Huk was pointing out that Shotokan guys tend to punch in one direction while sending their body weight in another direction. Or like in tournament punches, you can score while backing up but on the street if you punch while backing up you won't get much so I adapted this concept for this technique.

As usual, I'm doing it wrong. But I don't care! Ah ha ha ha!


----------



## GouRonin (Apr 18, 2002)

> _Originally posted by kenpo3631 _
> *Gou, Gou, Gou.... Always the one making light of things*



I always say if it's to serious to laugh at then it's not serious at all.

But in all reality I see what you are saying. There is a purpose for it. A guy like you needs to know that purpose because you need to be able to pass the system/art on.

Huk once told me that I will 2 styles of Kenpo. 1) The way the Old Man wanted it done so that it can be passed on. 2) My way that is tailored to me so I can use it.



> _Originally posted by kenpo3631 _
> *It IS cursed....*



Eeep! Can't fight the curse!


----------



## WilliamTLear (Apr 19, 2002)

Stepping to three o'clock is *NOT* the way that I was taught this technique, and I have to say that the way that I do it has been reinforced by several senior black belts under Mr. Parker... Here... let me name a few...

Bryan Hawkins
Frank Trejo
Dennis Conatser
Diane Tanaka
Larry Tatum
Gilbert Velez
Paul Mills
and Rainer Schulte

The step is to 4:30, and that is not just for power, but for stability in your stance. If you step to 3:00 with your left then you momentarily sacrifice a strong stance and end up leaving your self vulnerable to being pulled/pushed off balance.
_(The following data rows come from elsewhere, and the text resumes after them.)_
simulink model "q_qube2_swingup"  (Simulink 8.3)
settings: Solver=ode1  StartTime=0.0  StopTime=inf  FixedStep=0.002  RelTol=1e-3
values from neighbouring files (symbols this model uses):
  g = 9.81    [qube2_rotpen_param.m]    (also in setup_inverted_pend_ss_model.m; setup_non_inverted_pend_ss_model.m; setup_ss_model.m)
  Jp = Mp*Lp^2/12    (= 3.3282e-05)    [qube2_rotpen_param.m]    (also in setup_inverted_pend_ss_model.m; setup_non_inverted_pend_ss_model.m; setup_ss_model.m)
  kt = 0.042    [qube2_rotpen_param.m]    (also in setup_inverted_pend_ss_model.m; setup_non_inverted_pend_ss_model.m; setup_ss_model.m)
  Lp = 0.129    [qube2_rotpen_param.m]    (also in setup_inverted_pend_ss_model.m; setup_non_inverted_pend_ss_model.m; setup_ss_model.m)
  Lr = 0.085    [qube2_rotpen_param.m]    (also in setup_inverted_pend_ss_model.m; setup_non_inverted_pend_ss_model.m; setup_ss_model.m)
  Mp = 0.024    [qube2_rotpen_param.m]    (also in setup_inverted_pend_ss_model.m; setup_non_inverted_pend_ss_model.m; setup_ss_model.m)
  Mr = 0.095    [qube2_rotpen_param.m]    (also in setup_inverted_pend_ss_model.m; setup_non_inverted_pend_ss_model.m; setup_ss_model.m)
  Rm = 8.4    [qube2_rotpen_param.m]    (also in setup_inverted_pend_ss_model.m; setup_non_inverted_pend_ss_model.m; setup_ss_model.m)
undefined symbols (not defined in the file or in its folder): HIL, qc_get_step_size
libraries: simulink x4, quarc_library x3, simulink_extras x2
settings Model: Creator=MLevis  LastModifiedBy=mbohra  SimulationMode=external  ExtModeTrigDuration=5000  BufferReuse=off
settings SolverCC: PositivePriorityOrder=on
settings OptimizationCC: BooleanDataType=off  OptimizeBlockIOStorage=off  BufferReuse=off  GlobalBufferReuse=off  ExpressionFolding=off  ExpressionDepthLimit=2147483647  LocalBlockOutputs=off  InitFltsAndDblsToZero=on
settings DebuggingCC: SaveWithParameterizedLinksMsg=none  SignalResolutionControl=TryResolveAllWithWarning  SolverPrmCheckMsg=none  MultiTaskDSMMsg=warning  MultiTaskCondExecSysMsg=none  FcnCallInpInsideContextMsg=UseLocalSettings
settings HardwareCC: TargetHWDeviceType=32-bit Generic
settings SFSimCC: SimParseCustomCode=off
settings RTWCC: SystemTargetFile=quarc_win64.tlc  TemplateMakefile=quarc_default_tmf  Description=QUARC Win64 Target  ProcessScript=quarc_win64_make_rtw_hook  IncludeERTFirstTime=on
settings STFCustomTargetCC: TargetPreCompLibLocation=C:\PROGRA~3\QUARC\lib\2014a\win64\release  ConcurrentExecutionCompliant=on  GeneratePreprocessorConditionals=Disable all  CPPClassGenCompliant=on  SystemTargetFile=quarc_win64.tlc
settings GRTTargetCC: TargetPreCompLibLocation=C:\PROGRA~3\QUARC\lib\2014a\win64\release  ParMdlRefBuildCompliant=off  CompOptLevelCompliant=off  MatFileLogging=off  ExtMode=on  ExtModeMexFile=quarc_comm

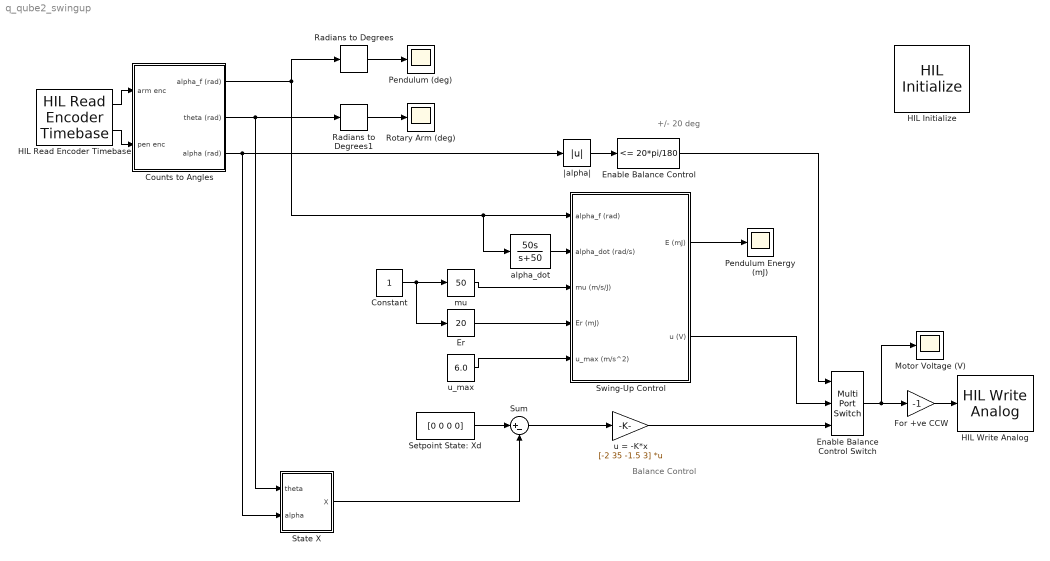
== system q_qube2_swingup ==
  note: +/- 20 deg
  note: Balance Control
  Constant : Constant
  Counts to Angles : Subsystem
  Enable Balance Control : simulink/Logic and Bit Operations/Compare To Constant  relop=<=  const=20*pi/180  OutDataTypeStr=uint8  ZeroCross=off
  Enable Balance Control Switch : MultiPortSwitch  DataPortOrder=Zero-based contiguous  Inputs=2  zeroidx=on
  Er : simulink/Math Operations/Slider Gain  low=0  gain=20  high=50
  For +ve CCW : Gain  Gain=-1
  HIL Initialize : quarc_library/Data Acquisition/Generic/Configuration/HIL Initialize  object_name=HIL-1  board_type=qube_servo2_usb  board_number=0  board_options=""  exclusive=off  active=off  hardware_clocks=[0]  clock_modes=[]  initial_clock_frequencies=[]  set_clock_params_at_start=off  set_clock_params_at_switch_in=off  set_clock_frequencies_at_start=off  set_clock_frequencies_at_switch_in=off  analog_input_channels=[0]  analog_input_maximums=3  analog_input_minimums=-3  set_analog_input_params_at_start=off  set_analog_input_params_at_switch_in=off  analog_output_channels=[0]  analog_output_maximums=15  analog_output_minimums=-15  initial_analog_outputs=[0]  final_analog_outputs=[0]  watchdog_analog_outputs=0  set_analog_output_params_at_start=off  set_analog_output_params_at_switch_in=off  set_analog_outputs_at_start=on  set_analog_outputs_at_switch_in=off  set_analog_outputs_at_terminate=on  set_analog_outputs_at_switch_out=off  set_analog_outputs_on_watchdog=on  digital_input_channels=[]  digital_output_channels=[0]  digital_output_configuration=[]  initial_digital_outputs=[1]  final_digital_outputs=[0]  watchdog_digital_outputs=[0]  set_digital_output_params_at_start=off  set_digital_output_params_at_switch_in=off  set_digital_outputs_at_start=on  set_digital_outputs_at_switch_in=off  set_digital_outputs_at_terminate=on  set_digital_outputs_at_switch_out=off  set_digital_outputs_on_watchdog=on  encoder_channels=[0:1]  quadrature=[4]  encoder_filter_frequency=[]  initial_encoder_counts=[0]  set_encoder_params_at_start=off  set_encoder_params_at_switch_in=off  set_encoder_counts_at_start=on  set_encoder_counts_at_switch_in=off  pwm_channels=[]  pwm_modes=[]  pwm_frequency=[]  pwm_configuration=[]  pwm_alignment=[]  pwm_polarity=[]  pwm_leading_deadband=[]  pwm_trailing_deadband=[]  initial_pwm_outputs=[]  final_pwm_outputs=[]  watchdog_pwm_outputs=[]  set_pwm_params_at_start=off  set_pwm_params_at_switch_in=off  set_pwm_outputs_at_start=off  set_pwm_outputs_at_switch_in=off  set_pwm_outputs_at_terminate=off  set_pwm_outputs_at_switch_out=off  set_pwm_outputs_on_watchdog=off  other_output_channels=[11000:11002]  initial_other_outputs=[0 1 0]  final_other_outputs=[1 0 0]  watchdog_other_outputs=[0 0 1]  set_other_outputs_at_start=on  set_other_outputs_at_switch_in=off  set_other_outputs_at_terminate=on  set_other_outputs_at_switch_out=off  set_other_outputs_on_watchdog=on
  HIL Read Encoder Timebase : quarc_library/Data Acquisition/Generic/Timebases/HIL Read Encoder Timebase  object_name=HIL-1  clock=0  channels=[0:1]  samples_in_buffer=max(ceil(1/qc_get_step_size), 1)  active=on  vector_output=off  data_type_mode=Inherit via back propagation  data_type=double
  HIL Write Analog : quarc_library/Data Acquisition/Generic/Immediate I//O/HIL Write Analog  object_name=HIL-1  channels=0  sample_time=-1  active=off  vector_input=off
  Motor Voltage (V) : Scope
      settings: TimeRange=10  YMin=-12.5  YMax=12.5
  Pendulum (deg) : Scope
      settings: TimeRange=10  YMin=-200  YMax=200  SaveName=ScopeData2
  Pendulum Energy (mJ) : Scope
      settings: TimeRange=10  YMin=0  YMax=50  SaveName=ScopeData3
  Radians to Degrees : simulink_extras/Transformations/Radians to Degrees
  Radians to Degrees1 : simulink_extras/Transformations/Radians to Degrees
  Rotary Arm (deg) : Scope
      settings: TimeRange=10  YMin=-90  YMax=90
  Setpoint State: Xd : Constant  Value=[0 0 0 0]
  State X : Subsystem
  Sum : Sum  Inputs=|+-
  Swing-Up Control : Subsystem
  alpha_dot : TransferFcn  Numerator=[50 0]  Denominator=[1 50]
  mu : simulink/Math Operations/Slider Gain  low=0  gain=50  high=100
  u = -K*x : Gain  Gain=[-2 35 -1.5 3]  Multiplication=Matrix(K*u)
  u_max : Constant  Value=6.0
  |alpha| : Abs
  wires:
  |alpha|/1 -> Enable Balance Control/1
  Swing-Up Control/2(u (V)) -> Enable Balance Control Switch/2
  Constant/1 -> mu/1, Er/1
  mu/1 -> Swing-Up Control/3(mu (m/s/J))
  u_max/1 -> Swing-Up Control/5(u_max (m/s^2))
  For +ve CCW/1 -> HIL Write Analog/1
  HIL Read Encoder Timebase/1 -> Counts to Angles/1(arm enc)
  HIL Read Encoder Timebase/2 -> Counts to Angles/2(pen enc)
  Counts to Angles/2(theta (rad)) -> Radians to Degrees1/1, State X/1(theta)
  Counts to Angles/1(alpha_f (rad)) -> Radians to Degrees/1, Swing-Up Control/1(alpha_f (rad)), alpha_dot/1
  Counts to Angles/3(alpha (rad)) -> |alpha|/1, State X/2(alpha)
  Enable Balance Control/1 -> Enable Balance Control Switch/1
  Sum/1 -> u = -K*x/1
  u = -K*x/1 -> Enable Balance Control Switch/3
  State X/1(X) -> Sum/2
  Setpoint State: Xd/1 -> Sum/1
  Radians to Degrees/1 -> Pendulum (deg)/1
  Radians to Degrees1/1 -> Rotary Arm (deg)/1
  Er/1 -> Swing-Up Control/4(Er (mJ))
  alpha_dot/1 -> Swing-Up Control/2(alpha_dot (rad/s))
  Swing-Up Control/1(E (mJ)) -> Pendulum Energy (mJ)/1
  Enable Balance Control Switch/1 -> For +ve CCW/1, Motor Voltage (V)/1

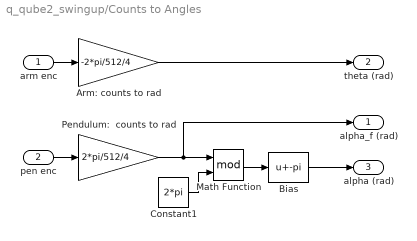
== system q_qube2_swingup/Counts to Angles ==
  arm enc : Inport
  pen enc : Inport  Port=2
  Arm: counts to rad : Gain  Gain=-2*pi/512/4
  Bias : Bias  Bias=-pi
  Constant1 : Constant  Value=2*pi
  Math Function : Math  Operator=mod  SaturateOnIntegerOverflow=on
  Pendulum:  counts to rad : Gain  Gain=2*pi/512/4
  alpha_f (rad) : Outport
  theta (rad) : Outport  Port=2
  alpha (rad) : Outport  Port=3
  wires:
  pen enc/1 -> Pendulum:  counts to rad/1
  arm enc/1 -> Arm: counts to rad/1
  Math Function/1 -> Bias/1
  Constant1/1 -> Math Function/2
  Pendulum:  counts to rad/1 -> Math Function/1, alpha_f (rad)/1
  Arm: counts to rad/1 -> theta (rad)/1
  Bias/1 -> alpha (rad)/1

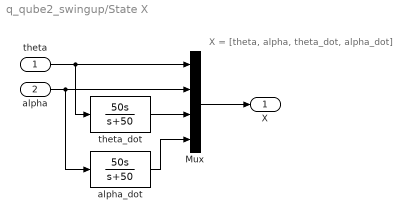
== system q_qube2_swingup/State X ==
  note: X = [theta, alpha, theta_dot, alpha_dot]
  theta : Inport
  alpha : Inport  Port=2
  Mux : Mux
  alpha_dot : TransferFcn  Numerator=[50 0]  Denominator=[1 50]
  theta_dot : TransferFcn  Numerator=[50 0]  Denominator=[1 50]
  X : Outport
  wires:
  theta_dot/1 -> Mux/3
  alpha_dot/1 -> Mux/4
  alpha/1 -> Mux/2, alpha_dot/1
  Mux/1 -> X/1
  theta/1 -> Mux/1, theta_dot/1

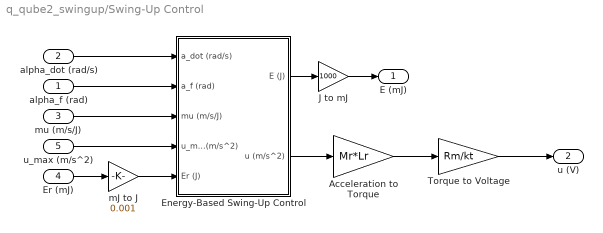
== system q_qube2_swingup/Swing-Up Control ==
  alpha_f (rad) : Inport
  alpha_dot (rad/s) : Inport  Port=2
  mu (m/s/J) : Inport  Port=3
  Er (mJ) : Inport  Port=4
  u_max (m/s^2) : Inport  Port=5
  Acceleration to Torque : Gain  Gain=Mr*Lr
  Energy-Based Swing-Up Control : Subsystem
  J to mJ : Gain  Gain=1000
  Torque to Voltage : Gain  Gain=Rm/kt
  mJ to J : Gain  Gain=0.001
  E (mJ) : Outport
  u (V) : Outport  Port=2
  wires:
  Energy-Based Swing-Up Control/2(u (m/s^2)) -> Acceleration to Torque/1
  Energy-Based Swing-Up Control/1(E (J)) -> J to mJ/1
  alpha_f (rad)/1 -> Energy-Based Swing-Up Control/2(a_f (rad))
  mu (m/s/J)/1 -> Energy-Based Swing-Up Control/3(mu (m/s/J))
  u_max (m/s^2)/1 -> Energy-Based Swing-Up Control/4(u_max (m/s^2))
  Torque to Voltage/1 -> u (V)/1
  Acceleration to Torque/1 -> Torque to Voltage/1
  alpha_dot (rad/s)/1 -> Energy-Based Swing-Up Control/1(a_dot (rad/s))
  Er (mJ)/1 -> mJ to J/1
  mJ to J/1 -> Energy-Based Swing-Up Control/5(Er (J))
  J to mJ/1 -> E (mJ)/1

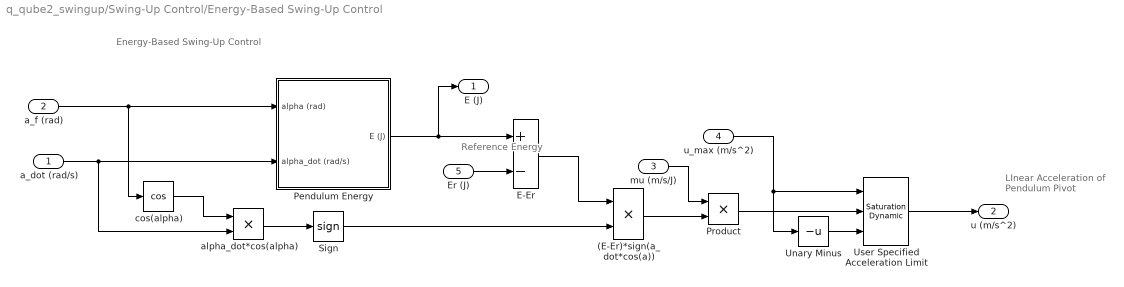
== system q_qube2_swingup/Swing-Up Control/Energy-Based Swing-Up Control ==
  note: Energy-Based Swing-Up Control
  note: LInear Acceleration of
      | Pendulum Pivot
  note: Reference Energy
  a_dot (rad/s) : Inport
  a_f (rad) : Inport  Port=2
  mu (m/s/J) : Inport  Port=3
  u_max (m/s^2) : Inport  Port=4
  Er (J) : Inport  Port=5
  (E-Er)*sign(a_dot*cos(a)) : Product  RndMeth=Zero
  E-Er : Sum  Inputs=+-
  Pendulum Energy : Subsystem
  Product : Product  RndMeth=Zero
  Sign : Signum
  Unary Minus : UnaryMinus
  User Specified Acceleration Limit : simulink/Discontinuities/Saturation Dynamic  OutMin=[]  OutMax=[]  OutDataTypeStr=Inherit: Same as second input  OutDataType=fixdt(1, 16)  OutScaling=2^-10  DoSatur=off
  alpha_dot*cos(alpha) : Product  RndMeth=Zero
  cos(alpha) : Trigonometry  Operator=cos
  E (J) : Outport
  u (m/s^2) : Outport  Port=2
  wires:
  alpha_dot*cos(alpha)/1 -> Sign/1
  Sign/1 -> (E-Er)*sign(a_dot*cos(a))/2
  cos(alpha)/1 -> alpha_dot*cos(alpha)/1
  a_f (rad)/1 -> cos(alpha)/1, Pendulum Energy/1(alpha (rad))
  E-Er/1 -> (E-Er)*sign(a_dot*cos(a))/1
  Pendulum Energy/1(E (J)) -> E (J)/1, E-Er/1
  a_dot (rad/s)/1 -> alpha_dot*cos(alpha)/2, Pendulum Energy/2(alpha_dot (rad/s))
  (E-Er)*sign(a_dot*cos(a))/1 -> Product/2
  Er (J)/1 -> E-Er/2
  mu (m/s/J)/1 -> Product/1
  Product/1 -> User Specified Acceleration Limit/2
  u_max (m/s^2)/1 -> User Specified Acceleration Limit/1, Unary Minus/1
  Unary Minus/1 -> User Specified Acceleration Limit/3
  User Specified Acceleration Limit/1 -> u (m/s^2)/1

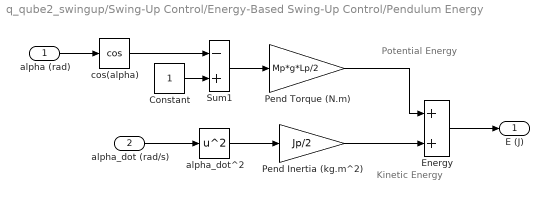
== system q_qube2_swingup/Swing-Up Control/Energy-Based Swing-Up Control/Pendulum Energy ==
  note: Kinetic Energy
  note: Potential Energy
  alpha (rad) : Inport
  alpha_dot (rad/s) : Inport  Port=2
  Constant : Constant
  Energy : Sum  SaturateOnIntegerOverflow=on
  Pend Inertia (kg.m^2) : Gain  Gain=Jp/2
  Pend Torque (N.m) : Gain  Gain=Mp*g*Lp/2
  Sum1 : Sum  Inputs=-+  SaturateOnIntegerOverflow=on
  alpha_dot^2 : Math  Operator=square  SaturateOnIntegerOverflow=on
  cos(alpha) : Trigonometry  Operator=cos
  E (J) : Outport
  wires:
  Constant/1 -> Sum1/2
  Pend Inertia (kg.m^2)/1 -> Energy/2
  Sum1/1 -> Pend Torque (N.m)/1
  alpha_dot^2/1 -> Pend Inertia (kg.m^2)/1
  Pend Torque (N.m)/1 -> Energy/1
  alpha (rad)/1 -> cos(alpha)/1
  alpha_dot (rad/s)/1 -> alpha_dot^2/1
  Energy/1 -> E (J)/1
  cos(alpha)/1 -> Sum1/1

REMEMBER: The guy is choking you from behind... If he has an applied grab don't you think he might decide to push and pull to destabalize you? 

The understanding of this technique (among "ALL" of the others) is not totally gauged by the power in which you can strike your opponent, but also protecting your self from further impending danger (intentional or not).

4:30 is the way it is written, it is the way I have seen Mr. Parker teach it on video (I used to archive videos of Mr. Parker for his son). The video in question was one in which Mr. Parker was demonstrating on Bryan Hawkins, and it was spectacular to watch!!! (Unfortunately nobody but Edmund has a copy, and he wont let them out of his sight! Although, he might use the footage in an up comming video series he is in the middle of producing.)

MY SUGGESTION IS THAT IF YOU HAVE ANY DOUBT ABOUT WHAT I AM SAYING HAVE SOMEONE GIVE YOU THE MOST REALISTIC ATTACK POSSIBLE AND EXPERIMENT WITH IT BOTH YOUR WAY AND TOWARD 4:30...

IF YOU CAN MAKE IT WORK 100% OF THE TIME BY STEPPING TO 3:00 THEN YOU ARE A BETTER MAN THAN ME.

Respectfully,
Billy Lear 

P.S. this technique also has some environmental considerations that it accounts for. Just something for you to chew on. Take Care. :asian:


----------



## warriorsage (Apr 15, 2002)

I've read on a few websites and forums that the downward raking middle knuckle (with the wide kneel) in short two is incorrect AND that is was designed purposely that way by Mr. Parker to see if his students were actively investigating the forms. I don't personally like the strike, or atleast haven't been taught to use it properly, but I thought that was my shortcoming. I would find it odd if Mr. Parker actually designed things incorrectly on purpose, despite the logic behind it.

I was wondering if anyone else had heard this, or if some of the seniors would care to throw their $.02 in (HINT: that means you Mr. C).


----------



## warriorsage (Apr 18, 2002)

Thanks for the info guys. Mr. C, I think I undestand what you were saying, but the part that was specifically pointed out as being flawed was the raking downward middle knuckle. It ws pointed out (by someone on KenpoNet) that the middle knuckle is not structurally sound when used in this fashion. Any thoughts?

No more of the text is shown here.